4-2

El martes nueve, Pripyat me despertó con su típico beso en la mejilla. Abrí los ojos, adormilada, arrugué la nariz, abracé la almohada y escondí mi morro en las sábanas.

—Aléjate, lujuriosa —dije con la voz amortiguada.

Ella se rio y comenzó a besarme repetitivamente y con mucho ruido en la cabeza y los hombros hasta que ganó. Giré y la miré con una sonrisa boba. Estaba acostada de espaldas y ella incorporada, apoyando el peso de su cuerpo en los brazos extendidos, flanqueando mi abdomen donde se veía la herida casi cicatrizada.

—Hoy voy a cobrarme el favor que me debes por ayudarte con Ebro el día que vino aquí.

Enarqué una ceja, provocativa.

—No es nada sexual —aclaró con cansancio.

—Entonces no sé si podré cumplirlo.

—Iré otra vez a ese lugar... —No detalló más—. Y sin que sepan los vecinos entrometidos, cuento con tu silencio y con que tu compañía se quede en la estación de trenes.

A veces me olvidaba que Pripyat no tenía permiso de andar sola y que yo debía vigilarla en todo momento porque Belchite me lo ordenó. Porque ella era una bomba de tiempo suicida. En parte me hubiera gustado pensar que nuestra compañía no era impuesta.

—¿A dónde irás?

—A un portal que me llevará a Saturno, ahí le cocinaré a un marciano —respondió sarcástica, levantándose de la cama.

—Para, me pongo celosa —supliqué restregándome la cara.

—Tú no tienes cinco ojos como él. Perdiste, cielo.

—Sé que es mentira solo porque los marcianos son de Marte, no de Saturno —la corregí.

Me cambié organizando mi itinerario mentalmente para cumplir mi promesa con Pripyat.

Pediría medio día en mi trabajo como registradora y al día siguiente cumpliría una jornada más larga.

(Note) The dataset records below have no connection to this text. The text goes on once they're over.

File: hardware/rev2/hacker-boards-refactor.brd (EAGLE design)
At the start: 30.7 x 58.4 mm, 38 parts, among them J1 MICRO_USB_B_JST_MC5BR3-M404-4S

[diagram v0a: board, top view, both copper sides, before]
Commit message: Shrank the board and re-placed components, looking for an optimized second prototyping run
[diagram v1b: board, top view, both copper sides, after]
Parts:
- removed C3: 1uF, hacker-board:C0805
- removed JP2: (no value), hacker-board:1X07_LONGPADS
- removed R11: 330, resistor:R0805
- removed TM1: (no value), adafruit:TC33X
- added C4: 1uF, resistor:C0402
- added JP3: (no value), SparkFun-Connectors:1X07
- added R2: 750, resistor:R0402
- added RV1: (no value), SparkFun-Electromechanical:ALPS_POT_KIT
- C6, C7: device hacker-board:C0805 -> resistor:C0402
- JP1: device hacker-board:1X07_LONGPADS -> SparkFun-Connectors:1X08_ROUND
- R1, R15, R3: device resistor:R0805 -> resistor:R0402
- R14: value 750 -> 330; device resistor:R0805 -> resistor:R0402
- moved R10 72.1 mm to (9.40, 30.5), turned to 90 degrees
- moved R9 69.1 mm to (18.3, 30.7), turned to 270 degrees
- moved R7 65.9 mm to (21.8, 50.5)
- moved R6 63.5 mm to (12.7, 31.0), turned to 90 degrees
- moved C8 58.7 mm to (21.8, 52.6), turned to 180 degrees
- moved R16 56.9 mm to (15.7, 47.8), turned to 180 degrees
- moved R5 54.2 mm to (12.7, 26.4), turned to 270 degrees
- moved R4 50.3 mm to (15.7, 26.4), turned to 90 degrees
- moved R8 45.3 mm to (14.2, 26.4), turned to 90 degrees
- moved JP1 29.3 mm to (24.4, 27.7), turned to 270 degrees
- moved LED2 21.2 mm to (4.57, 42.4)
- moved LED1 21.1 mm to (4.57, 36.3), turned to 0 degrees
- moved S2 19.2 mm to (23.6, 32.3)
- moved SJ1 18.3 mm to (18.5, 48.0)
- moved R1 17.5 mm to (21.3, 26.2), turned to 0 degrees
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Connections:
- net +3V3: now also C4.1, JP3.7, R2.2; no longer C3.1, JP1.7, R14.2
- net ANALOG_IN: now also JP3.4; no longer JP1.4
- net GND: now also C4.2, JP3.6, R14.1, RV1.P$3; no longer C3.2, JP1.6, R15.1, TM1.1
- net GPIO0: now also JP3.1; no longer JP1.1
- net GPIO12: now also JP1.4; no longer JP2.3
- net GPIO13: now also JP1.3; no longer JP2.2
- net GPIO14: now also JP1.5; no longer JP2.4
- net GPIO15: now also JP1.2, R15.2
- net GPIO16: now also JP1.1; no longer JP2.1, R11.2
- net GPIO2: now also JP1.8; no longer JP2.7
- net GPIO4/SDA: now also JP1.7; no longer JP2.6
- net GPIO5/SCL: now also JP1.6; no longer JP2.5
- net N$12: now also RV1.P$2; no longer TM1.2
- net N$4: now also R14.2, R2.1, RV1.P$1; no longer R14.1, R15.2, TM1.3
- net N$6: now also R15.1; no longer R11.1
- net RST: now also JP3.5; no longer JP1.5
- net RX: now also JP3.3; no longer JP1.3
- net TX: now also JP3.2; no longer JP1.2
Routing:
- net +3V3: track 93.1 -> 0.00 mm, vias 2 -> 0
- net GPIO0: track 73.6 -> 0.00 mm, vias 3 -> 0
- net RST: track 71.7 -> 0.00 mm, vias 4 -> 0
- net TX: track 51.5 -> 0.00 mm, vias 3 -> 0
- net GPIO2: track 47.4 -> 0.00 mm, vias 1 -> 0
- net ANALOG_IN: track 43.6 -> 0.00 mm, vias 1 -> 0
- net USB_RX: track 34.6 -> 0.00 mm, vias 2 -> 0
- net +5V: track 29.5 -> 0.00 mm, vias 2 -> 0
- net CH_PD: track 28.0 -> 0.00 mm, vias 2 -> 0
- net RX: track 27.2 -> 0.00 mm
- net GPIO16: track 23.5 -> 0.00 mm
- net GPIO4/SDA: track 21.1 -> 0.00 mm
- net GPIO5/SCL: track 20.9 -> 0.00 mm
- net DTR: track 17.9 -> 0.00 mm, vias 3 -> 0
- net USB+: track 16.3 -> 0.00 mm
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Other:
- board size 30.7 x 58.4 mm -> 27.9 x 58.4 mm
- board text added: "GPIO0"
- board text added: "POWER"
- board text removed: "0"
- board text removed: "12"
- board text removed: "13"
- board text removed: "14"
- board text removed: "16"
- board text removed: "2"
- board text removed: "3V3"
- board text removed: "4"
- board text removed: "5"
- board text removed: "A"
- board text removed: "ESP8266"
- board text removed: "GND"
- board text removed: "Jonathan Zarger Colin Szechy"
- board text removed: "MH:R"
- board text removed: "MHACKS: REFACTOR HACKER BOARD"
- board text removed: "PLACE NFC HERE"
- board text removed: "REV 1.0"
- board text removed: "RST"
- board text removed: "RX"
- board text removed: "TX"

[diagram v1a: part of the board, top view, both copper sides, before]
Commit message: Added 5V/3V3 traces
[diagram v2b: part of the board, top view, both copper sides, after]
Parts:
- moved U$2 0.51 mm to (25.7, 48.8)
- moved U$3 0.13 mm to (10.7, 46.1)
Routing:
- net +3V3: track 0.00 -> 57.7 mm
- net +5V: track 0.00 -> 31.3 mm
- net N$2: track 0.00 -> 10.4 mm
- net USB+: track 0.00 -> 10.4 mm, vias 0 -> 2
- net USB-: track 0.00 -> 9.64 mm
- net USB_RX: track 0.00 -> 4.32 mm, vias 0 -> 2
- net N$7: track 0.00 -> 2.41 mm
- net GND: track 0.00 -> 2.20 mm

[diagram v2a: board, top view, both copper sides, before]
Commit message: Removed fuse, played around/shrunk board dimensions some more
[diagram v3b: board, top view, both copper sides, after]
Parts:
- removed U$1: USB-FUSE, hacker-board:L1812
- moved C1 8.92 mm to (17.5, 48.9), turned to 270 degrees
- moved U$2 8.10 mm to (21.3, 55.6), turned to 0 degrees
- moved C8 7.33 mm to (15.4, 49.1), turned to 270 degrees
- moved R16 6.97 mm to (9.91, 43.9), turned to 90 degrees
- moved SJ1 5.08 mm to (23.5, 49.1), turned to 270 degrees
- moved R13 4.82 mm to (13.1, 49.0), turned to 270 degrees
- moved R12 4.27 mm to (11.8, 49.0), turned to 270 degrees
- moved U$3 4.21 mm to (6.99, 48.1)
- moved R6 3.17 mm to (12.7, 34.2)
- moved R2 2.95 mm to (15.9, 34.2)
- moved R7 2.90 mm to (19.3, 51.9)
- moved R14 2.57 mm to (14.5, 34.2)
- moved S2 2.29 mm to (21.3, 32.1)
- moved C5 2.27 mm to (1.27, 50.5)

La idea me pareció deslumbrante, corrí por mi libreta y anoté un punto en la columna de: Responsable.

Mientras Pripyat se adueñaba de la cocina por millonésima vez yo saqué la basura. Le hice un nudo a la bolsa y la cargué silbando hasta la calle. En la entrada de la casa de la señora Bhangarh, junto a la verja, encontré dos pájaros muertos.

Era la segunda mañana que amanecía con muertos.

Las aves estaban muy junta, casi ensambladas. Alcé la mirada para ver el techo de la casa o el cielo, desde allí atisbaba a Pripyat, parada frente a la ventana, junto a la mesa, batiendo masa de panqueques. Denoté que ella también me estaba mirando.

—¿Qué pasó? —preguntó alzando la voz, pero no lo suficiente, porque era muy de mañana.

Señalé los pájaros muertos.

—¿Alguien los mató? —preguntó.

Me encogí de hombros.

—¿Están vivos?

Me encogí de hombros.

—¡Fíjate, imbécil!

Me acerqué a ellos. Quietos como el invierno.

—Muertos.

—Tíralos.

—Y el premio a la más empática es para...

—¡Obstruyen la acera! ¡Si los tiras que sea en el tacho de basura!

—Gran idea, jamás se me hubiese ocurrido —me burlé.

—Acabas de acortar tu esperanza de vida a treinta años —me amenazó señalándome con firmeza.

La broma era que teníamos vida, pero no esperanza.

Dejé la bolsa de basura en el canastro sobre la verja y regresé hacia las aves. Me incliné de cuclillas a su lado y los escudriñé otra vez. Yacían en la hierba.

Eran gorriones moteados. Si un animal los hubiera matado estaría descuartizados y no era el caso, no tenían sangre y el más pequeño tenía los ojos abiertos, yertos y oscuros como el carbón. Una ventisca le agitó las plumas tiesas. Si una persona monstruosa les hubiera dado final y los hubiera arrojado en la entrada entonces tendrías las alas laxas, cayendo a los lados, como los faldones de una novia.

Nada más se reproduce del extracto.